Antibiotica resulteren sneller in een urineweginfectie /
Bron: Stevepb, Pixabay
Antibiotica
Antibiotica bestrijden bacteriën, maar deze
medicijnen elimineren eveneens vaak lactobacillen (beschermende bacteriën). Dit verhoogt een overgroei van de staafvormige bacterie
Escherichia coli in de vagina van een vrouw, wat bijdraagt aan de ontwikkeling van een urineweginfectie.
Anticonceptie
Bepaalde soorten anticonceptiva vormen een risicofactor. Vooral vrouwen die een spiraaltje gebruiken, ontwikkelen vaker urineweginfecties. Een spiraaltje (diafragma, pessarium intra-uterinum) is een soort stift die de gynaecoloog in de
baarmoeder inbrengt om bevruchting te voorkomen. De veerrand van het spiraaltje vernietigt soms een gebied vlakbij de blaas, waardoor bacteriën sneller in de blaas terechtkomen. Zaaddodend schuim en zaaddodende gel en gecoate condooms verhogen tevens de gevoeligheid voor urineweginfecties. Meestal bevatten spermiciden (zaad dodende geneesmiddelen) nonoxynol-9, een chemische stof die geassocieerd is met een verhoogd risico op een urineweginfectie.
Diabetes
Diabetes mellitus (suikerziekte) is een aandoening waarbij het lichaam moeite heeft met het aanmaken of verwerken van insuline, hetgeen nodig is voor het regelen van de bloedsuikerspiegel. Diabetes maakt het lichaam eveneens gevoeliger voor infecties. De aandoening leidt zelfs tot sensorische problemen, waardoor sommige patiënten niet eens beseffen dat de blaas vol is en ze te lang rondlopen met een volle blaas, hetgeen een risicofactor is voor een urineweginfectie.
Katheter
Sommige patiënten ervaren urineproblemen. Wanneer ze zelf niet in staat zijn om te plassen, gebruiken ze een
katheter (speciaal buisje) dat ze in de blaas inbrengen. De urine komt vervolgens in een zak buiten het lichaam terecht. Dit gebeurt vaker bij
ziekenhuispatiënten, patiënten met neurologische problemen die geen plascontrole hebben,
verlamde patiënten en incontinente patiënten uit een verpleegtehuis.
Mannen
Aandoeningen
Prostatitis (
ontsteking van prostaat met
pijn en
plasproblemen) is ook geassocieerd met terugkerende urineweginfecties. Mannen die daarnaast een
hiv-infectie hebben of onbesneden zijn, lopen een hogere kans op het krijgen van een urineweginfectie.
Boven de vijftig jaar
Niet enkel vrouwen kampen sneller met een urineweginfectie, maar ook mannen boven de vijftig jaar vormen een potentiële risicofactor. Bij hen vergroot de prostaat (prostaathyperplasie) naarmate ze verouderen, waardoor druk komt te staan op de urethra (urinebuis). Dit leidt tot plasproblemen omdat de
prostaatvergroting de urinestroom belemmert. Vervolgens ontstaat een groei van bacteriën op de plek waar de urine zich verzamelt, waardoor een urineweginfectie tot stand komt. Het is voor oudere mannen daarom aanbevolen om steeds medisch advies in te winnen wanneer ze ’s nachts vaker moeten plassen of wanneer het urineren zelf lastiger is geworden.
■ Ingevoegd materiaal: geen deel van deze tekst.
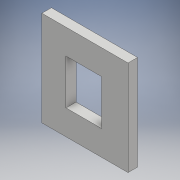
# Autodesk Inventor part: TapaFrontal
Saved by Autodesk Inventor 2017 (Build 210142000, 142)
## iProperties
Created: 2021-02-12
Part Number: TapaFrontal
Material: Generic
Document SubType Name: Modeling
Designer: USUARIO
Density: 1 g/cm^3
Appearance: Default
Author: USUARIO
Autodesk Inventor part; units mm, degrees
ref_plane "YZ Plane" through (0, 0, 0) normal (1, 0, 0) x (0, 1, 0)
ref_plane "XZ Plane" through (0, 0, 0) normal (0, 1, 0) x (-1, 0, 0)
ref_plane "XY Plane" through (0, 0, 0) normal (0, 0, 1) x (1, 0, 0)
sketch "Sketch1" plane through (0, 0, 0) normal (0, 1, 0) x (-1, 0, 0)
  line L0 (0, 0) -> (460, 0)
  line L1 (460, 0) -> (460, -507)
  line L2 (460, -507) -> (0, -507)
  line L3 (0, -507) -> (0, 0)
  line L4 (331.3, -133.5) -> (141.3, -133.5)
  line L5 (141.3, -133.5) -> (141.3, -373.5)
  line L6 (141.3, -373.5) -> (331.3, -373.5)
  line L7 (331.3, -373.5) -> (331.3, -133.5)
  dimension "d0" = 460
  dimension "d1" = 507
  dimension "d2" = 190
  dimension "d3" = 240
  dimension "d4" = 133.5
  dimension "d5" = 141.3
  constraints: 16 end point, 4 parallel, 2 horizontal, 2 perpendicular
  measures "d0" distance of L1.end L2.end
  measures "d1" distance of L0.end L1.end
  measures "d2" distance of L6.end L5.end
  measures "d3" distance of L5.end L4.end
  measures "d4" distance between parallel lines of L2 L6
  measures "d5" distance between parallel lines of L3 L5
extrude "Extrusion1" add sketch "Sketch1" along normal blind 50.8
sketch "Sketch5" plane through (0, 50.8, 0) normal (0, 1, 0) x (1, 0, 0)
  line L0 (-406, 54) -> (-54, 54)
  line L1 (-54, 54) -> (-54, 453)
  line L2 (-54, 453) -> (-406, 453)
  line L3 (-406, 453) -> (-406, 54)
  line L4 (-460, 0) -> (0, 0) projected
  line L5 (-460, 507) -> (-460, 0) projected
  line L6 (-331.3, 133.5) -> (-141.3, 133.5) projected
  line L7 (-141.3, 373.5) -> (-331.3, 373.5) projected
  line L8 (-331.3, 133.5) -> (-141.3, 133.5)
  line L9 (-141.3, 133.5) -> (-141.3, 373.5)
  line L10 (-141.3, 373.5) -> (-331.3, 373.5)
  line L11 (-331.3, 373.5) -> (-331.3, 133.5)
  dimension "d14" = 352
  dimension "d15" = 399
  dimension "d16" = 54
  dimension "d17" = 54
  constraints: 16 end point, 4 parallel, 2 horizontal, 2 perpendicular
  measures "d14" distance of L2.end L1.end
  measures "d15" distance of L1.end L0.end
  measures "d16" distance between parallel lines of L0 L4
  measures "d17" distance between parallel lines of L5 L3
extrude "Extrusion2" add sketch "Sketch5" along normal blind 3
body "Solid1"

Obstakels in de urinewegen
Andere risicofactoren voor urineweginfecties zijn obstakels die zich in de urinewegen bevinden, zoals de aanwezigheid van
nierstenen of een tumor.
Ouderen
De blaasspieren verzwakken met de leeftijd, waardoor het samentrekken van deze spieren niet meer zo efficiënt verloopt als voorheen. Achtergebleven urine in de blaas is dan een voedingsbodem voor bacteriën. Bij ouderen ontstaan overigens mentale veranderingen als gevolg van een urineweginfectie. Dit komt omdat het ammoniakgehalte in het lichaam verhoogt, waardoor de patiënt minder helder is en vreemde gedragingen vertoont.
Postmenopauzale vrouw
Minder gezonde bacteriën
Bij de groei van ongezonde bacteriën zoals
E. coli in de blaas, voorkomen normaal gezien de gezonde bacteriën (lactobacillen) dat deze ongezonde bacteriën leiden tot een urineweginfectie.
Oestrogeen bevordert een sterke mate de aanwezigheid van de lactobacillen. Wanneer echter na de
menopauze het oestrogeengehalte daalt, komen minder lactobacillen in de blaas terecht. De ongezonde bacteriën krijgen hierdoor de overhand waardoor postmenopauzale vrouwen sneller vatbaar zijn voor blaasproblemen zoals een urineweginfectie. Andere verouderinggerelateerde urineaandoeningen, zoals
urine-incontinentie, verhogen tot slot het risico op recidiverende (terugkerende) urineweginfecties.
Fysische veranderingen
Fysische veranderingen in de vaginawand zijn ook verantwoordelijk voor de verhoogde gevoeligheid voor urineweginfecties bij postmenopauzale vrouwen. Door een lager oestrogeengehalte na de menopauze, verdunt het slijmvlies van de vagina, waardoor het gemakkelijker is voor ongezonde bacteriën om zich te vermenigvuldigen. Het vaginavocht is minder zuur, wat ook een probleem vormt omdat zuur schadelijke bacteriën doodt, en ongezonde bacteriën in een alkalische omgeving gedijen.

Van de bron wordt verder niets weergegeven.